START Input for this task

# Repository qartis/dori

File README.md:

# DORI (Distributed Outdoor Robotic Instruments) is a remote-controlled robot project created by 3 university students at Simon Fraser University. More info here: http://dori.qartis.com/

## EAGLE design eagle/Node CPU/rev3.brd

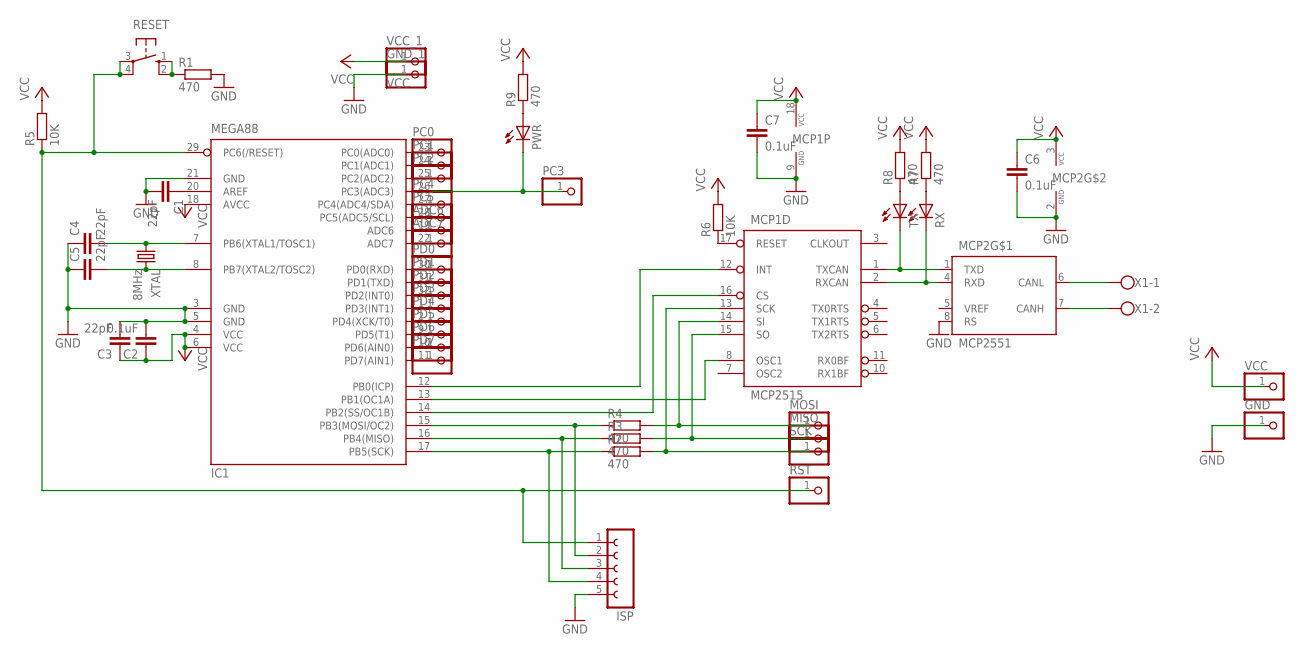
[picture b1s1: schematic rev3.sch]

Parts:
ADC6, ADC7: PINHD-1X1; 1X01
C1, C3, C4, C5: 22pF; C0603
C2, C6, C7: 0.1uF; C0603
GND: PINHD-1X1; 1X01
GND_1: PINHD-1X1; 1X01
IC1: MEGA88; TQFP32-08
ISP: FE05-1
MCP1: MCP2515; DIL18
MCP2: MCP2551; DIL08
MISO: PINHD-1X1; 1X01
MOSI: PINHD-1X1; 1X01
PC0, PC1, PC2, PC3, PC4, PC5: PINHD-1X1; 1X01
PD0, PD1, PD2, PD3, PD4, PD5, PD6, PD7: PINHD-1X1; 1X01
PWR: LEDCHIP-LED0603; CHIP-LED0603
R1, R2, R3, R4, R7, R8, R9: 470; R0603
R5, R6: 10K; R0603
RESET: 10-XX; B3F-10XX
RST: PINHD-1X1; 1X01
RX: LEDCHIP-LED0603; CHIP-LED0603
SCK: PINHD-1X1; 1X01
TX: LEDCHIP-LED0603; CHIP-LED0603
VCC: PINHD-1X1; 1X01
VCC_1: VCC; 1X01
X1: W237-102
XTAL: 8MHz; HC49/S

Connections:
GND: C1.2, C2.2, C3.2, C4.1, C5.1, C6.2, C7.2, GND.1, GND_1.1, IC1.3 (GND), IC1.5 (GND), IC1.21 (GND), ISP.5, MCP1.9 (GND), MCP2.2 (GND), MCP2.8 (RS), R1.2
unnamed: C1.1, IC1.20 (AREF)
unnamed: IC1.16 (PB4(MISO)), ISP.3, R3.1
unnamed: MCP1.14 (SI), MOSI.1, R4.2
unnamed: IC1.14 (PB2(SS/OC1B)), MCP1.16 (CS)
unnamed: IC1.13 (PB1(OC1A)), MCP1.8 (OSC1)
unnamed: MCP1.1 (TXCAN), MCP2.1 (TXD), TX.C
unnamed: C5.2, IC1.8 (PB7(XTAL2/TOSC2)), XTAL.2
unnamed: MCP2.6 (CANL), X1.1
unnamed: MCP1.17 (RESET), R6.1
unnamed: R1.1, RESET.1 (S), RESET.2 (S1)
unnamed: IC1.12 (PB0(ICP)), MCP1.12 (INT)
unnamed: MCP1.13 (SCK), R2.2, SCK.1
unnamed: MCP2.7 (CANH), X1.2
unnamed: IC1.15 (PB3(MOSI/OC2)), ISP.2, R4.1
unnamed: R8.1, TX.A
unnamed: R7.1, RX.A
unnamed: IC1.23 (PC0(ADC0)), PC0.1
unnamed: IC1.24 (PC1(ADC1)), PC1.1
unnamed: IC1.25 (PC2(ADC2)), PC2.1
unnamed: IC1.27 (PC4(ADC4/SDA)), PC4.1
unnamed: IC1.28 (PC5(ADC5/SCL)), PC5.1
unnamed: ADC6.1, IC1.19 (ADC6)
unnamed: ADC7.1, IC1.22 (ADC7)
unnamed: IC1.30 (PD0(RXD)), PD0.1
unnamed: IC1.31 (PD1(TXD)), PD1.1
unnamed: IC1.32 (PD2(INT0)), PD2.1
unnamed: IC1.1 (PD3(INT1)), PD3.1
unnamed: IC1.2 (PD4(XCK/T0)), PD4.1
unnamed: IC1.9 (PD5(T1)), PD5.1
unnamed: IC1.10 (PD6(AIN0)), PD6.1
unnamed: IC1.11 (PD7(AIN1)), PD7.1
unnamed: PWR.A, R9.1
unnamed: C4.2, IC1.7 (PB6(XTAL1/TOSC1)), XTAL.1
unnamed: MCP1.15 (SO), MISO.1, R3.2
unnamed: IC1.17 (PB5(SCK)), ISP.4, R2.1
unnamed: IC1.26 (PC3(ADC3)), PC3.1, PWR.C
RESET: IC1.29 (PC6(/RESET)), ISP.1, R5.1, RESET.3, RESET.4 (P1), RST.1
RXLED: MCP1.2 (RXCAN), MCP2.4 (RXD), RX.C
VCC: C2.1, C3.1, C6.1, C7.1, IC1.4 (VCC), IC1.6 (VCC), IC1.18 (AVCC), MCP1.18 (VCC), MCP2.3 (VCC), R5.2, R6.2, R7.2, R8.2, R9.2, VCC.1, VCC_1.1

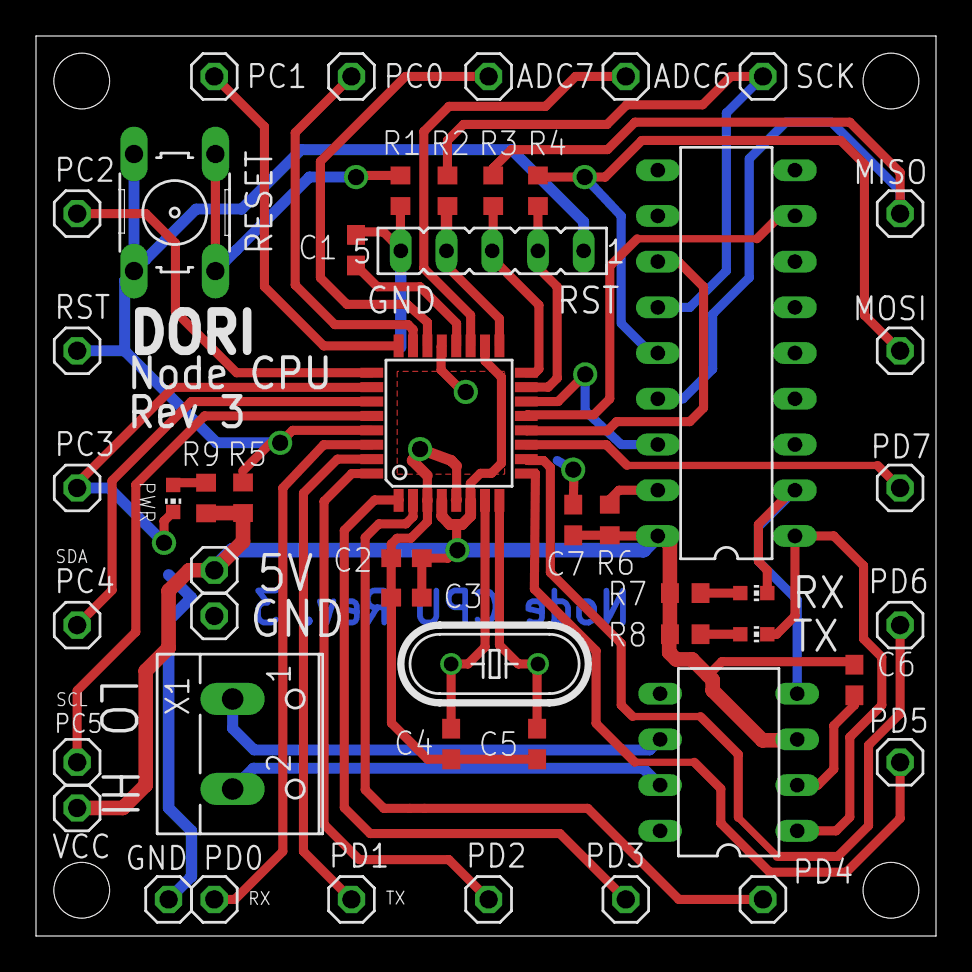
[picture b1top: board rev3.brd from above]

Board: 4 copper layers, 50.0 x 50.0 mm, 50 parts (0 on the bottom side), 40 nets.

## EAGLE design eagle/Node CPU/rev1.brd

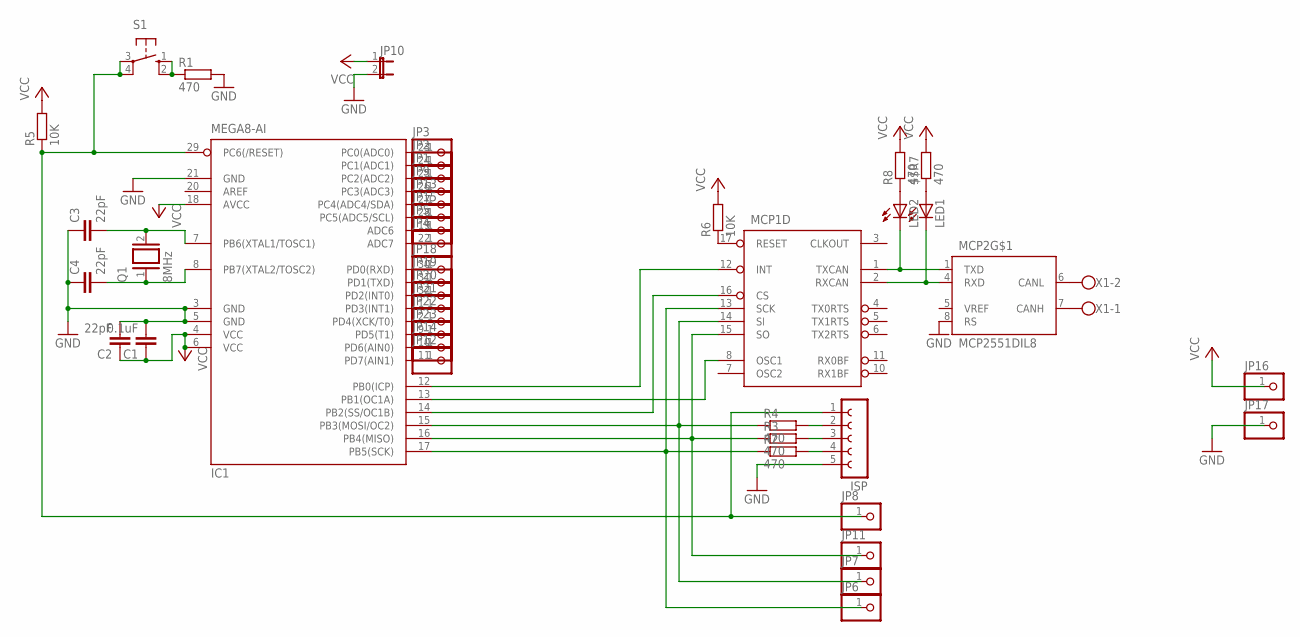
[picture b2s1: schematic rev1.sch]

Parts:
$$R7: 470; R0603
C1: 0.1uF; C0603
C2, C3, C4: 22pF; C0603
IC1: MEGA8-AI; TQFP32-08
ISP: FE05-1
JP1, JP2, JP3, JP4, JP5, JP6, JP7, JP8, JP9, JP11, JP12, JP13, JP14, JP15, JP16, JP17, JP18, JP19, JP20, JP21, JP22, JP23: PINHD-1X1; 1X01
JP10: JUMPER-2PTH; 1X02
LED1, LED2: LEDCHIP-LED0603; CHIP-LED0603
MCP1: MCP2515P; DIL18
MCP2: MCP2551DIL8; DIL08
Q1: 8MHz; QS
R1, R2, R3, R4, R8: 470; R0603
R5, R6: 10K; R0603
S1: 10-XX; B3F-10XX
X1: W237-102

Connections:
GND: C1.2, C2.2, C3.1, C4.1, IC1.3 (GND), IC1.5 (GND), IC1.21 (GND), ISP.5, JP10.2, JP17.1, MCP1.9 (GND), MCP2.2 (GND), MCP2.8 (RS), R1.2
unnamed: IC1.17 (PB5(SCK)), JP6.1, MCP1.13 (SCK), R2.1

END Input for this task

I'd like the data above duplicated exactly, with no pictures included.

» Exercise output
# Repository qartis/dori

File README.md:

# DORI (Distributed Outdoor Robotic Instruments) is a remote-controlled robot project created by 3 university students at Simon Fraser University. More info here: http://dori.qartis.com/

## EAGLE design eagle/Node CPU/rev3.brd

[picture b1s1: schematic rev3.sch]

Parts:
ADC6, ADC7: PINHD-1X1; 1X01
C1, C3, C4, C5: 22pF; C0603
C2, C6, C7: 0.1uF; C0603
GND: PINHD-1X1; 1X01
GND_1: PINHD-1X1; 1X01
IC1: MEGA88; TQFP32-08
ISP: FE05-1
MCP1: MCP2515; DIL18
MCP2: MCP2551; DIL08
MISO: PINHD-1X1; 1X01
MOSI: PINHD-1X1; 1X01
PC0, PC1, PC2, PC3, PC4, PC5: PINHD-1X1; 1X01
PD0, PD1, PD2, PD3, PD4, PD5, PD6, PD7: PINHD-1X1; 1X01
PWR: LEDCHIP-LED0603; CHIP-LED0603
R1, R2, R3, R4, R7, R8, R9: 470; R0603
R5, R6: 10K; R0603
RESET: 10-XX; B3F-10XX
RST: PINHD-1X1; 1X01
RX: LEDCHIP-LED0603; CHIP-LED0603
SCK: PINHD-1X1; 1X01
TX: LEDCHIP-LED0603; CHIP-LED0603
VCC: PINHD-1X1; 1X01
VCC_1: VCC; 1X01
X1: W237-102
XTAL: 8MHz; HC49/S

Connections:
GND: C1.2, C2.2, C3.2, C4.1, C5.1, C6.2, C7.2, GND.1, GND_1.1, IC1.3 (GND), IC1.5 (GND), IC1.21 (GND), ISP.5, MCP1.9 (GND), MCP2.2 (GND), MCP2.8 (RS), R1.2
unnamed: C1.1, IC1.20 (AREF)
unnamed: IC1.16 (PB4(MISO)), ISP.3, R3.1
unnamed: MCP1.14 (SI), MOSI.1, R4.2
unnamed: IC1.14 (PB2(SS/OC1B)), MCP1.16 (CS)
unnamed: IC1.13 (PB1(OC1A)), MCP1.8 (OSC1)
unnamed: MCP1.1 (TXCAN), MCP2.1 (TXD), TX.C
unnamed: C5.2, IC1.8 (PB7(XTAL2/TOSC2)), XTAL.2
unnamed: MCP2.6 (CANL), X1.1
unnamed: MCP1.17 (RESET), R6.1
unnamed: R1.1, RESET.1 (S), RESET.2 (S1)
unnamed: IC1.12 (PB0(ICP)), MCP1.12 (INT)
unnamed: MCP1.13 (SCK), R2.2, SCK.1
unnamed: MCP2.7 (CANH), X1.2
unnamed: IC1.15 (PB3(MOSI/OC2)), ISP.2, R4.1
unnamed: R8.1, TX.A
unnamed: R7.1, RX.A
unnamed: IC1.23 (PC0(ADC0)), PC0.1
unnamed: IC1.24 (PC1(ADC1)), PC1.1
unnamed: IC1.25 (PC2(ADC2)), PC2.1
unnamed: IC1.27 (PC4(ADC4/SDA)), PC4.1
unnamed: IC1.28 (PC5(ADC5/SCL)), PC5.1
unnamed: ADC6.1, IC1.19 (ADC6)
unnamed: ADC7.1, IC1.22 (ADC7)
unnamed: IC1.30 (PD0(RXD)), PD0.1
unnamed: IC1.31 (PD1(TXD)), PD1.1
unnamed: IC1.32 (PD2(INT0)), PD2.1
unnamed: IC1.1 (PD3(INT1)), PD3.1
unnamed: IC1.2 (PD4(XCK/T0)), PD4.1
unnamed: IC1.9 (PD5(T1)), PD5.1
unnamed: IC1.10 (PD6(AIN0)), PD6.1
unnamed: IC1.11 (PD7(AIN1)), PD7.1
unnamed: PWR.A, R9.1
unnamed: C4.2, IC1.7 (PB6(XTAL1/TOSC1)), XTAL.1
unnamed: MCP1.15 (SO), MISO.1, R3.2
unnamed: IC1.17 (PB5(SCK)), ISP.4, R2.1
unnamed: IC1.26 (PC3(ADC3)), PC3.1, PWR.C
RESET: IC1.29 (PC6(/RESET)), ISP.1, R5.1, RESET.3, RESET.4 (P1), RST.1
RXLED: MCP1.2 (RXCAN), MCP2.4 (RXD), RX.C
VCC: C2.1, C3.1, C6.1, C7.1, IC1.4 (VCC), IC1.6 (VCC), IC1.18 (AVCC), MCP1.18 (VCC), MCP2.3 (VCC), R5.2, R6.2, R7.2, R8.2, R9.2, VCC.1, VCC_1.1

[picture b1top: board rev3.brd from above]

Board: 4 copper layers, 50.0 x 50.0 mm, 50 parts (0 on the bottom side), 40 nets.

## EAGLE design eagle/Node CPU/rev1.brd

[picture b2s1: schematic rev1.sch]

Parts:
$$R7: 470; R0603
C1: 0.1uF; C0603
C2, C3, C4: 22pF; C0603
IC1: MEGA8-AI; TQFP32-08
ISP: FE05-1
JP1, JP2, JP3, JP4, JP5, JP6, JP7, JP8, JP9, JP11, JP12, JP13, JP14, JP15, JP16, JP17, JP18, JP19, JP20, JP21, JP22, JP23: PINHD-1X1; 1X01
JP10: JUMPER-2PTH; 1X02
LED1, LED2: LEDCHIP-LED0603; CHIP-LED0603
MCP1: MCP2515P; DIL18
MCP2: MCP2551DIL8; DIL08
Q1: 8MHz; QS
R1, R2, R3, R4, R8: 470; R0603
R5, R6: 10K; R0603
S1: 10-XX; B3F-10XX
X1: W237-102

Connections:
GND: C1.2, C2.2, C3.1, C4.1, IC1.3 (GND), IC1.5 (GND), IC1.21 (GND), ISP.5, JP10.2, JP17.1, MCP1.9 (GND), MCP2.2 (GND), MCP2.8 (RS), R1.2
unnamed: IC1.17 (PB5(SCK)), JP6.1, MCP1.13 (SCK), R2.1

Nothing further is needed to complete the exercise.